Gross margin was down nearly $15 million for the second quarter of 2011, compared to the same period a year ago. The single largest reason for the margin decline was decreased customer usage, primarily reflecting milder weather compared to last year.

The milder temperatures occurred in June which is typically a month of hot summer weather in the Las Vegas area accompanied by increased air conditioning rate. This year, cooling degree days for June were down 9% compared to last year. In total, megawatt hour sales in Nevada for the second quarter were down by 1.2% year-over-year.

Another factor contributing to lower gross margin was the sale of our California operations, which we completed on January 1st of this year.
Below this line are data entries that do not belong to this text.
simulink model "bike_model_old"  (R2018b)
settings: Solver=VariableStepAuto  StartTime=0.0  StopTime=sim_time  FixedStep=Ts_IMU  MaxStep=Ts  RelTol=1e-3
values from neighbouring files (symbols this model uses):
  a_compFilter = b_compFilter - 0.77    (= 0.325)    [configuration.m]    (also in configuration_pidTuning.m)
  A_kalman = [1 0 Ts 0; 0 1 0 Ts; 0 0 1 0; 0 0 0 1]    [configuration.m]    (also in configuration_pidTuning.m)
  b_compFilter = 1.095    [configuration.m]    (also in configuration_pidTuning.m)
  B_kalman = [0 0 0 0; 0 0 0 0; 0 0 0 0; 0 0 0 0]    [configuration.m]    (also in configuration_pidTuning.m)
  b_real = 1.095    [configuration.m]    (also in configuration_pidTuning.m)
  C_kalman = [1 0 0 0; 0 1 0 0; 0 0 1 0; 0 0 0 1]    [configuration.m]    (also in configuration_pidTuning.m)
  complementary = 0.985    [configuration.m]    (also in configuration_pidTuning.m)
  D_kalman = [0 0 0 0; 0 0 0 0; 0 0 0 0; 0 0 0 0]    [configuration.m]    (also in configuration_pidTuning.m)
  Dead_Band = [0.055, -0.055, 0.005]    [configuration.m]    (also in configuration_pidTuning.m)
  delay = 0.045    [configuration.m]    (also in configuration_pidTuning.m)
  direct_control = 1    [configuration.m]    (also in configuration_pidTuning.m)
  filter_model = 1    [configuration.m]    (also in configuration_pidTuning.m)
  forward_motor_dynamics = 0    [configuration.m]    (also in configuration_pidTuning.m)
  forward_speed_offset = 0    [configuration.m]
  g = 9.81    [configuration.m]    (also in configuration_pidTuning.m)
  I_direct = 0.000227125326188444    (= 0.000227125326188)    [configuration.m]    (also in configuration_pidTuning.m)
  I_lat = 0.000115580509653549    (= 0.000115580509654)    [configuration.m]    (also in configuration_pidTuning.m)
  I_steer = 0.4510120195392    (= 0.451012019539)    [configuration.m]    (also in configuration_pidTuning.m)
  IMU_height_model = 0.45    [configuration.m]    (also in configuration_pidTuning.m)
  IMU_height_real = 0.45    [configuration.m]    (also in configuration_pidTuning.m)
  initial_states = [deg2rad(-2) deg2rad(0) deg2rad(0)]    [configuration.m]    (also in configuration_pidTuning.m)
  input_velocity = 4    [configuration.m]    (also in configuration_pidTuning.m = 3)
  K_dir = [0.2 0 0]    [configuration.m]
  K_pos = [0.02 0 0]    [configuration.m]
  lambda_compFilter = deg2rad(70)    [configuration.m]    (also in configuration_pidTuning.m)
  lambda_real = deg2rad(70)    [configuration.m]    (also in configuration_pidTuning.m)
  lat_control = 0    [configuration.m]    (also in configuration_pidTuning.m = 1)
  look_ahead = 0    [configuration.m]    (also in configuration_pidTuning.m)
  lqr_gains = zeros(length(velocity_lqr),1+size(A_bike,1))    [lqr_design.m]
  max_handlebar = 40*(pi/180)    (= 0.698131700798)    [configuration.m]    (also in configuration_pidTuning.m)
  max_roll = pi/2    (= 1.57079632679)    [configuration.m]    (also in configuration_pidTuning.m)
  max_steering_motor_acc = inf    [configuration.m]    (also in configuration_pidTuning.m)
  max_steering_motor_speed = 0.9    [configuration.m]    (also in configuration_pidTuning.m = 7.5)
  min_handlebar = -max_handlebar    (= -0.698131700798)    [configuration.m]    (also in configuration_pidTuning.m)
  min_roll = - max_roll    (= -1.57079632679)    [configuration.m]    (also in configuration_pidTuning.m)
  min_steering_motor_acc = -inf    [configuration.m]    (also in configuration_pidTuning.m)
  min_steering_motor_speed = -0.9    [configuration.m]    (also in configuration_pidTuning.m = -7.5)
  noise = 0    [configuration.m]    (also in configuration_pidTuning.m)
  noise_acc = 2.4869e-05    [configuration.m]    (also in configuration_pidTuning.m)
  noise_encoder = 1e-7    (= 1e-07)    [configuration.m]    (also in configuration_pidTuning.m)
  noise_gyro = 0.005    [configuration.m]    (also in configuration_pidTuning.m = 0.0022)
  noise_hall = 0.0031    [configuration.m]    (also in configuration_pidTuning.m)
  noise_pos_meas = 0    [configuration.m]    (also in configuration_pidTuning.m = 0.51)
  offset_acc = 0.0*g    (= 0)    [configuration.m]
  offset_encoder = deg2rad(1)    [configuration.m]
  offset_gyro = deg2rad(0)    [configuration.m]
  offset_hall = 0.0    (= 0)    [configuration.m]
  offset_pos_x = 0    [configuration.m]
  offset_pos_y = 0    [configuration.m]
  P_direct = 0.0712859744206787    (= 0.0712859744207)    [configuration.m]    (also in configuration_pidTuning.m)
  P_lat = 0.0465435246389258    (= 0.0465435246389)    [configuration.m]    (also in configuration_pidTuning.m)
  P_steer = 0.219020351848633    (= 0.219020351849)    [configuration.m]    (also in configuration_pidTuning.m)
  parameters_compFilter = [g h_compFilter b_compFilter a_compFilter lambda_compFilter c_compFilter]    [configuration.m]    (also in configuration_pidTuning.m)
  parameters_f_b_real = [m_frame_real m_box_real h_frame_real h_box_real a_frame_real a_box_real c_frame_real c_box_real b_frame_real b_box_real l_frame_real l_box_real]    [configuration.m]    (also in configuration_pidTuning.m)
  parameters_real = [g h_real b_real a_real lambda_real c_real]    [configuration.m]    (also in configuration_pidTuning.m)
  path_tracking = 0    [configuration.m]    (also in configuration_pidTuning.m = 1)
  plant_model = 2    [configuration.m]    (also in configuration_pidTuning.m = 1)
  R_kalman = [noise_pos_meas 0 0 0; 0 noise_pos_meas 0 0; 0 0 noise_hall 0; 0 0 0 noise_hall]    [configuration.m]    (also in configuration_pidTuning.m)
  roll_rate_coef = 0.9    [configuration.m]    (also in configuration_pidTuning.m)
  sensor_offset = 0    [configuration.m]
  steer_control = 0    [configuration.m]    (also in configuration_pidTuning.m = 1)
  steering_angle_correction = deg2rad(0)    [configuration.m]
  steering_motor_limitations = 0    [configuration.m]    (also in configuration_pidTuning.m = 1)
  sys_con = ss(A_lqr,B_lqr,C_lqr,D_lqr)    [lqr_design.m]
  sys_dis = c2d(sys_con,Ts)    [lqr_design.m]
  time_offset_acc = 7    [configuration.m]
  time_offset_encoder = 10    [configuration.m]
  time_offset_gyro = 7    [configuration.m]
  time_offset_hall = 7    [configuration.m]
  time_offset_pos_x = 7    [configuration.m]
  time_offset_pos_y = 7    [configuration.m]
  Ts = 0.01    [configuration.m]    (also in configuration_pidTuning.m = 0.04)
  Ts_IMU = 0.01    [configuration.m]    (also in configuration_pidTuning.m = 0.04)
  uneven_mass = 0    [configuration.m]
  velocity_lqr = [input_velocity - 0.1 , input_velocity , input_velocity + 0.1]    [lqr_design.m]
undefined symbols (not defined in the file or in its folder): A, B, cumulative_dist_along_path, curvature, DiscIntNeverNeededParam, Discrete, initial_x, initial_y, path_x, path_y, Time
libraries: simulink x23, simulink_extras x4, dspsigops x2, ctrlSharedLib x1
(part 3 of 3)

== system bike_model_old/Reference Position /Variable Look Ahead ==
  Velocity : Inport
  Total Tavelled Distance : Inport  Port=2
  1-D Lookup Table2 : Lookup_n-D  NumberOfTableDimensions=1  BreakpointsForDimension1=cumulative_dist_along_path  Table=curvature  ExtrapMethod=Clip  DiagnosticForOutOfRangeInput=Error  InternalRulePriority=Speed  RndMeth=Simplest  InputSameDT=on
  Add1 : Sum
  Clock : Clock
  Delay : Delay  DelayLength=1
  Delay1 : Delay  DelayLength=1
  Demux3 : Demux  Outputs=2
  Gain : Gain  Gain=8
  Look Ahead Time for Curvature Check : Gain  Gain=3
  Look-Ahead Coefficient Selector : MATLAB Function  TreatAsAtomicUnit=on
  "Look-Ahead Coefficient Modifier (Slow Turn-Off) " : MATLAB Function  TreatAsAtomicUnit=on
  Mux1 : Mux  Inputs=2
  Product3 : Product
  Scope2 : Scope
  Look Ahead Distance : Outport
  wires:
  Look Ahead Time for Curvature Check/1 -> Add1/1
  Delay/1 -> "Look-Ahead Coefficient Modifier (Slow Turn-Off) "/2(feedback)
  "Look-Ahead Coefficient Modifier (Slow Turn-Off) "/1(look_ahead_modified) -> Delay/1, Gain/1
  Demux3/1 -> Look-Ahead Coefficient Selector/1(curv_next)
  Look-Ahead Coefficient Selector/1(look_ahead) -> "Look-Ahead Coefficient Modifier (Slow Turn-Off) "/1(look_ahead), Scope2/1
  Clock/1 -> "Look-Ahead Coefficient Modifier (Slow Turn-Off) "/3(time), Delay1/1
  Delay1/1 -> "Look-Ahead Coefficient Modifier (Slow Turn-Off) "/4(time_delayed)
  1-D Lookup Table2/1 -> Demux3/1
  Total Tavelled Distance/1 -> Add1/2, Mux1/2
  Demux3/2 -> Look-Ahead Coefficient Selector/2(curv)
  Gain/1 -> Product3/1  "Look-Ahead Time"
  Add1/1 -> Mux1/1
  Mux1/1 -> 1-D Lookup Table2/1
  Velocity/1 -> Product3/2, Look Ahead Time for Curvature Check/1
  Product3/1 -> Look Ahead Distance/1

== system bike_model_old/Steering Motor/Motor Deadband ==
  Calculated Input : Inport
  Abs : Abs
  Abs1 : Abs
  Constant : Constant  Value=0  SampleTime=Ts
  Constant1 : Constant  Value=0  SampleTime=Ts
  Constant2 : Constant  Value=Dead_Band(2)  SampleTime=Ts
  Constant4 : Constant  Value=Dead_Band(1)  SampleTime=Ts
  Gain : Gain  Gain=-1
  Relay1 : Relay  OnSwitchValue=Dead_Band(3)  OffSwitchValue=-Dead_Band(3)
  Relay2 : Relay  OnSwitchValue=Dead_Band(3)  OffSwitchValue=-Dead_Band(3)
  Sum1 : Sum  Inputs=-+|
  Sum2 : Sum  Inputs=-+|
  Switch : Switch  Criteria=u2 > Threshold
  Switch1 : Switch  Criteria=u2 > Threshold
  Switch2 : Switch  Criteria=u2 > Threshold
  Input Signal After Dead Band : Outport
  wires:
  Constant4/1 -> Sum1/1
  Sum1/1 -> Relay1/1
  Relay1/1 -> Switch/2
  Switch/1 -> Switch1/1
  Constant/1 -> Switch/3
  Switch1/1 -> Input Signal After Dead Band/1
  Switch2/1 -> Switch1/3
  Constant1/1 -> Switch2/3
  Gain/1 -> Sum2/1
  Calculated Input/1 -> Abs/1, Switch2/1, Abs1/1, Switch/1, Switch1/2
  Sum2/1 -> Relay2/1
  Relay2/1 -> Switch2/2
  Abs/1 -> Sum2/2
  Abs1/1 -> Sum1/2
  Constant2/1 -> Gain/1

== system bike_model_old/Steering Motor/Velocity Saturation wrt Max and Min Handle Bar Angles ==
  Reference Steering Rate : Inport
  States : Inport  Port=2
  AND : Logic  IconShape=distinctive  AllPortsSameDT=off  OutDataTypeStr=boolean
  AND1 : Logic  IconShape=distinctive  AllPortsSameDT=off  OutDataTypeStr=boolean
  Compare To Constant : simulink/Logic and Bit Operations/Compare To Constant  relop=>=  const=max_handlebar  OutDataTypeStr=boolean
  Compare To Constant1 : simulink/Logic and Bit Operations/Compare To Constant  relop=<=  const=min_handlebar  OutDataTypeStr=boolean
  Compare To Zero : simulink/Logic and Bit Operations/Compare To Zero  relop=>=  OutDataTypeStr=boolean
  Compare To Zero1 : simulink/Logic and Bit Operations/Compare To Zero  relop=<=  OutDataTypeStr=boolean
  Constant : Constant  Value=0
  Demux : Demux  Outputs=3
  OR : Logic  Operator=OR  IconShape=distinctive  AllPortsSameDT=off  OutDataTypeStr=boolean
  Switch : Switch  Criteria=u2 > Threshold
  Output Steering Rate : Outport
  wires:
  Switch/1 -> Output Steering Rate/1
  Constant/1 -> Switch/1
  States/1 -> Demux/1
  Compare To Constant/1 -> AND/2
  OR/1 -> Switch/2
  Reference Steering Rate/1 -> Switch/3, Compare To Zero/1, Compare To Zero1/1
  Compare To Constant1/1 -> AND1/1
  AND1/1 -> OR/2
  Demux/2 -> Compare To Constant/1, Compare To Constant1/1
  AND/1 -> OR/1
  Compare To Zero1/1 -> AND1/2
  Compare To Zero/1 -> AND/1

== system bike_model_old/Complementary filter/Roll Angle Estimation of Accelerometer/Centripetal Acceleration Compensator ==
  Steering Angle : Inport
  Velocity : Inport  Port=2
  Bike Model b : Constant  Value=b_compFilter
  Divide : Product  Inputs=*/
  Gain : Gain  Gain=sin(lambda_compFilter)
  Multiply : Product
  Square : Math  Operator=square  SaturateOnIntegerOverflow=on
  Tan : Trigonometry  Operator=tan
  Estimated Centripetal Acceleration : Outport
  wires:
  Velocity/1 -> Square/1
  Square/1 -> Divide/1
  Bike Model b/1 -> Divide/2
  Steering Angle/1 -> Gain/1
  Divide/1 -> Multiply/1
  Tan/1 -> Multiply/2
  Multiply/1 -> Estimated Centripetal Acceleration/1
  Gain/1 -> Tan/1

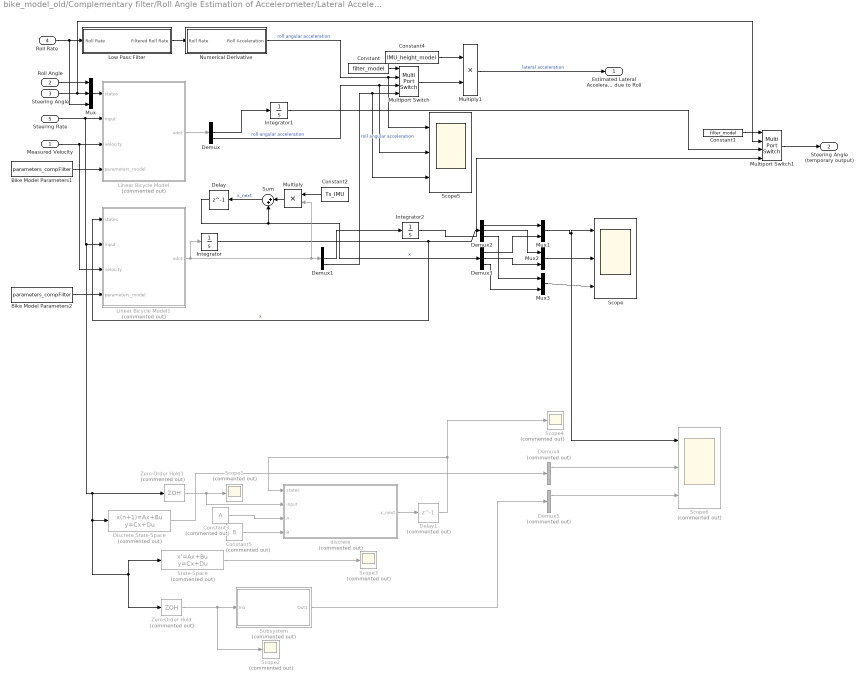
== system bike_model_old/Complementary filter/Roll Angle Estimation of Accelerometer/Lateral Acceleration Compensator ==
  Measured Velocity : Inport
  Roll Angle : Inport  Port=2
  Steering Angle : Inport  Port=3
  Roll Rate : Inport  Port=4
  Steering Rate : Inport  Port=5
  Bike Model Parameters1 : Constant  Value=parameters_compFilter
  Bike Model Parameters2 : Constant  Value=parameters_compFilter
  Constant : Constant  Value=filter_model
  Constant1 : Constant  Value=filter_model
  Constant2 : Constant  Value=Ts_IMU  SampleTime=Ts_IMU
  Constant3 : Constant  Commented=on  Value=A
  Constant4 : Constant  Value=IMU_height_model
  Constant5 : Constant  Commented=on  Value=B
  Delay : Delay  DelayLength=1  InitialCondition=[0 0 0]  SampleTime=Ts_IMU
  Delay1 : Delay  Commented=on  DelayLength=1  InitialCondition=[0 0 0]  SampleTime=Ts_IMU
  Demux{,1..3} (4 alike) : Demux  Outputs=3
  Demux4 : Demux  Commented=on  Outputs=3
  Demux5 : Demux  Commented=on  Outputs=3
  Discrete State-Space : DiscreteStateSpace  Commented=on  A=A  B=B  C=eye(3,3)  D=zeros(3,1)  InitialCondition=[0 0 0]  SampleTime=Ts_IMU
  Integrator : Integrator  InitialCondition=initial_states
  Integrator1 : Integrator  InitialCondition=initial_states(2)
  Integrator2 : Integrator  InitialCondition=initial_states(2)
  Linear Bicycle Model : MATLAB Function  Commented=on  TreatAsAtomicUnit=on
  Linear Bicycle Model1 : MATLAB Function  Commented=on  TreatAsAtomicUnit=on
  Low Pass Filter : Subsystem
  Multiply : Product
  Multiply1 : Product
  Multiport Switch : MultiPortSwitch
  Multiport Switch1 : MultiPortSwitch
  Mux : Mux  Inputs=3
  Mux1 : Mux  Inputs=2
  Mux2 : Mux  Inputs=2
  Mux3 : Mux  Inputs=2
  Numerical Derivative : Subsystem
  Scope : Scope  NumInputPorts=3
  Scope{1..4} (4 alike) : Scope  Commented=on
  Scope5 : Scope  NumInputPorts=3
  Scope6 : Scope  Commented=on  NumInputPorts=3
  State-Space : StateSpace  Commented=on  A=sys_con.A  B=sys_con.B  C=eye(3,3)  D=zeros(3,1)  InitialCondition=[0 0 0]
  Subsystem : Subsystem  Commented=on  TreatAsAtomicUnit=on  SystemSampleTime=Ts_IMU
  Sum : Sum  Inputs=|++
  Zero-Order Hold : ZeroOrderHold  Commented=on  SampleTime=Ts_IMU
  Zero-Order Hold1 : ZeroOrderHold  Commented=on  SampleTime=Ts_IMU
  discrete : MATLAB Function  Commented=on  TreatAsAtomicUnit=on
  Estimated Lateral Accelerattion due to Roll : Outport
  Steering Angle (temporary output) : Outport  Port=2
  wires:
  Numerical Derivative/1(Roll Acceleration) -> Scope5/1, Multiport Switch/2  "roll angular acceleration"
  Roll Rate/1 -> Mux/3, Low Pass Filter/1(Roll Rate)
  Constant4/1 -> Multiply1/1
  Multiply1/1 -> Estimated Lateral Accelerattion due to Roll/1  "lateral acceleration"
  Low Pass Filter/1(Filtered Roll Rate) -> Numerical Derivative/1(Roll Rate)
  Linear Bicycle Model/1(xdot) -> Demux/1
  Demux/3 -> Scope5/2, Multiport Switch/3  "roll angular acceleration"
  Bike Model Parameters1/1 -> Linear Bicycle Model/4(parameters_model)
  Measured Velocity/1 -> Linear Bicycle Model1/3(velocity), Linear Bicycle Model/3(velocity)
  Mux/1 -> Linear Bicycle Model/1(states)
  Roll Angle/1 -> Mux/1
  Steering Angle/1 -> Multiport Switch1/2, Mux/2
  Constant/1 -> Multiport Switch/1
  Multiport Switch/1 -> Multiply1/2
  Demux1/3 -> Scope5/3, Multiport Switch/4  "roll angular acceleration"
  Bike Model Parameters2/1 -> Linear Bicycle Model1/4(parameters_model)
  Delay/1 -> Demux3/1, Sum/2  "x"
  Multiply/1 -> Sum/1
  Constant2/1 -> Multiply/1
  Integrator/1 -> Linear Bicycle Model1/1(states), Demux2/1  "x"
  Demux2/1 -> Mux1/1
  Demux3/1 -> Mux1/2
  Demux2/2 -> Mux2/1
  Demux3/2 -> Mux2/2
  Demux2/3 -> Mux3/1
  Demux3/3 -> Mux3/2
  Mux2/1 -> Scope/2
  Mux1/1 -> Scope6/1, Scope/1
  Mux3/1 -> Scope/3
  Linear Bicycle Model1/1(xdot) -> Multiply/2, Demux1/1, Integrator/1
  State-Space/1 -> Scope3/1
  Delay1/1 -> Scope4/1, discrete/1(states)
  Zero-Order Hold/1 -> Scope2/1, Subsystem/1(In1)
  discrete/1(x_next) -> Delay1/1
  Constant5/1 -> discrete/4(B)
  Constant3/1 -> discrete/3(A)
  Sum/1 -> Delay/1  "x_next"
  Zero-Order Hold1/1 -> discrete/2(input), Scope1/1
  Multiport Switch1/1 -> Steering Angle (temporary output)/1
  Constant1/1 -> Multiport Switch1/1
  Steering Rate/1 -> Zero-Order Hold/1, State-Space/1, Discrete State-Space/1, Zero-Order Hold1/1, Linear Bicycle Model1/2(input), Linear Bicycle Model/2(input)
  Integrator1/1 -> Multiport Switch1/3
  Demux/2 -> Integrator1/1
  Demux1/2 -> Integrator2/1
  Integrator2/1 -> Multiport Switch1/4
  Demux4/1 -> Scope6/2
  Demux5/1 -> Scope6/3
  Discrete State-Space/1 -> Demux4/1
  Subsystem/1(Out1) -> Demux5/1

== system bike_model_old/Path Tracking Controller PID Tuning 2/Tuning of Lateral Position Control/Lateral Error ==
  Psi Sigma : Inport
  Position Error (X,Y) : Inport  Port=2
  Cos : Trigonometry  Operator=cos
  Demux : Demux  Outputs=2
  Product : Product
  Product1 : Product
  Sin : Trigonometry
  Sum : Sum  Inputs=+-|
  To Workspace4 : ToWorkspace  VariableName=LAT_ERR  SaveFormat=Timeseries  SampleTime=Ts
  Lateral Error : Outport
  wires:
  Cos/1 -> Product/2
  Sin/1 -> Product1/1
  Psi Sigma/1 -> Cos/1, Sin/1
  Product1/1 -> Sum/2
  Product/1 -> Sum/1
  Sum/1 -> To Workspace4/1, Lateral Error/1  "Lateral Error"
  Demux/1 -> Product1/2  "X Position Error"
  Demux/2 -> Product/1  "Y Position Error"
  Position Error (X,Y)/1 -> Demux/1

== system bike_model_old/Path Tracking Controller PID Tuning 2/Tuning of Lateral Position Control1/Lateral Error ==
  Psi Sigma : Inport
  Position Error (X,Y) : Inport  Port=2
  Cos : Trigonometry  Operator=cos
  Demux : Demux  Outputs=2
  Product : Product
  Product1 : Product
  Sin : Trigonometry
  Sum : Sum  Inputs=+-|
  Lateral Error : Outport
  wires:
  Cos/1 -> Product/2
  Sin/1 -> Product1/1
  Psi Sigma/1 -> Cos/1, Sin/1
  Product1/1 -> Sum/2
  Product/1 -> Sum/1
  Sum/1 -> Lateral Error/1  "Lateral Error"
  Demux/1 -> Product1/2  "X Position Error"
  Demux/2 -> Product/1  "Y Position Error"
  Position Error (X,Y)/1 -> Demux/1

== system bike_model_old/Physical Bike/Global Angles and Coordinates Calculator - Position/Measured Bike Angles to Global Angles ==
  Velocity : Inport
  Measured Steering Angle : Inport  Port=2
  " Bike Parameters Model " : Constant  Value=parameters_compFilter
  Integrator : Integrator
  MATLAB Function : MATLAB Function  TreatAsAtomicUnit=on
  To Workspace6 : ToWorkspace  VariableName=PSI  SaveFormat=Timeseries  SampleTime=Ts
  To Workspace7 : ToWorkspace  VariableName=BETA  SaveFormat=Timeseries  SampleTime=Ts
  Psi : Outport
  Beta : Outport  Port=2
  wires:
  MATLAB Function/2(beta) -> Beta/1, To Workspace7/1
  MATLAB Function/1(psi_d) -> Integrator/1
  Integrator/1 -> Psi/1, To Workspace6/1
  " Bike Parameters Model "/1 -> MATLAB Function/2(parameters_model)
  Measured Steering Angle/1 -> MATLAB Function/3(delta)
  Velocity/1 -> MATLAB Function/1(v)

== system bike_model_old/Physical Bike/Global Angles and Coordinates Calculator - Position/Measured Global Angles to Global Coordinates ==
  Velocity : Inport
  Psi : Inport  Port=2
  Beta : Inport  Port=3
  Constant : Constant  Value=initial_y
  Constant1 : Constant  Value=initial_x
  Integrator1 : Integrator
  Integrator2 : Integrator
  MATLAB Function1 : MATLAB Function  TreatAsAtomicUnit=on
  Mux : Mux  Inputs=2
  Sum : Sum  Inputs=|++
  Sum1 : Sum  Inputs=++|
  "Position (X, Y)" : Outport
  wires:
  MATLAB Function1/2(Ydot) -> Integrator2/1  "Ydot"
  MATLAB Function1/1(Xdot) -> Integrator1/1  "Xdot"
  Psi/1 -> MATLAB Function1/2(psi)
  Beta/1 -> MATLAB Function1/3(beta)
  Velocity/1 -> MATLAB Function1/1(v)
  Integrator2/1 -> Sum/1
  Constant/1 -> Sum/2
  Sum/1 -> Mux/2
  Integrator1/1 -> Sum1/2
  Sum1/1 -> Mux/1
  Constant1/1 -> Sum1/1
  Mux/1 -> "Position (X, Y)"/1

== system bike_model_old/Complementary filter/Roll Angle Estimation of Accelerometer/Lateral Acceleration Compensator/Low Pass Filter ==
  Roll Rate : Inport
  Delay18 : Delay  DelayLength=1
  Gain4 : Gain  Gain=roll_rate_coef
  Gain6 : Gain  Gain=1-roll_rate_coef
  Scope7 : Scope  NumInputPorts=2
  Sum4 : Sum  Inputs=|++
  Filtered Roll Rate : Outport
  wires:
  Gain6/1 -> Sum4/1
  Gain4/1 -> Sum4/2
  Sum4/1 -> Filtered Roll Rate/1, Delay18/1, Scope7/2  "Filtered Roll Rate"
  Delay18/1 -> Gain4/1
  Roll Rate/1 -> Scope7/1, Gain6/1  "Measured Roll Rate"

== system bike_model_old/Complementary filter/Roll Angle Estimation of Accelerometer/Lateral Acceleration Compensator/Numerical Derivative ==
  Roll Rate : Inport
  Delay18 : Delay  DelayLength=1
  Gain3 : Gain  Gain=1/Ts_IMU
  Sum3 : Sum  Inputs=|+-
  Roll Acceleration : Outport
  wires:
  Sum3/1 -> Gain3/1
  Delay18/1 -> Sum3/2
  Roll Rate/1 -> Sum3/1, Delay18/1
  Gain3/1 -> Roll Acceleration/1

== system bike_model_old/Complementary filter/Roll Angle Estimation of Accelerometer/Lateral Acceleration Compensator/Subsystem ==
  In1 : Inport
  Constant : Constant  Value=A
  Constant1 : Constant  Value=B
  Delay1 : Delay  DelayLength=1  InitialCondition=[0 0 0]  SampleTime=Ts_IMU
  Multiply : Product  Multiplication=Matrix(*)
  Multiply1 : Product  Multiplication=Matrix(*)
  Sum2 : Sum  Inputs=|++
  Out1 : Outport
  wires:
  Sum2/1 -> Delay1/1
  Multiply1/1 -> Sum2/2
  In1/1 -> Multiply1/2  "u"
  Delay1/1 -> Multiply/2, Out1/1  "x"
  Multiply/1 -> Sum2/1
  Constant/1 -> Multiply/1
  Constant1/1 -> Multiply1/1

== matlab function bike_model_old/Balance Controller/Reference States/Reference Roll Angle Calculator ==
  data: parameters_real input; velocity input; delta_ref input; phi_ref output
function phi_ref = fcn(parameters_real, velocity, delta_ref)
g = parameters_real(1);
b = parameters_real(3);
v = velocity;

Partially offsetting the declines were revenues related to energy efficiency and conservation programs, which we could not recognize in prior years and customer growth and Nevada customer base grew just under 1% for the quarter.

Turning to expenses, depreciation increased and AFUDC decreased in the second quarter. As expected, the Harry Allen Generation Plant which we placed in service in early May was the single largest factor driving both variances and also put pressure on operating and maintenance expense. As a result, completion of Harry Allen reduced pre-tax earnings by nearly $9 million for the quarter.

The total cost for the project came in at about $700 million including AFUDC. We expect the trend of higher depreciation and lower AFUDC to continue for the rest of the year and to remain dilutive to earnings until these amounts are reflected in rates.

Michael will provide an update on the Nevada economy in a few minutes but our conclusions and our outlook are unchanged. Our load forecast remains flat for next year, so we’re working hard to hold expenses flat.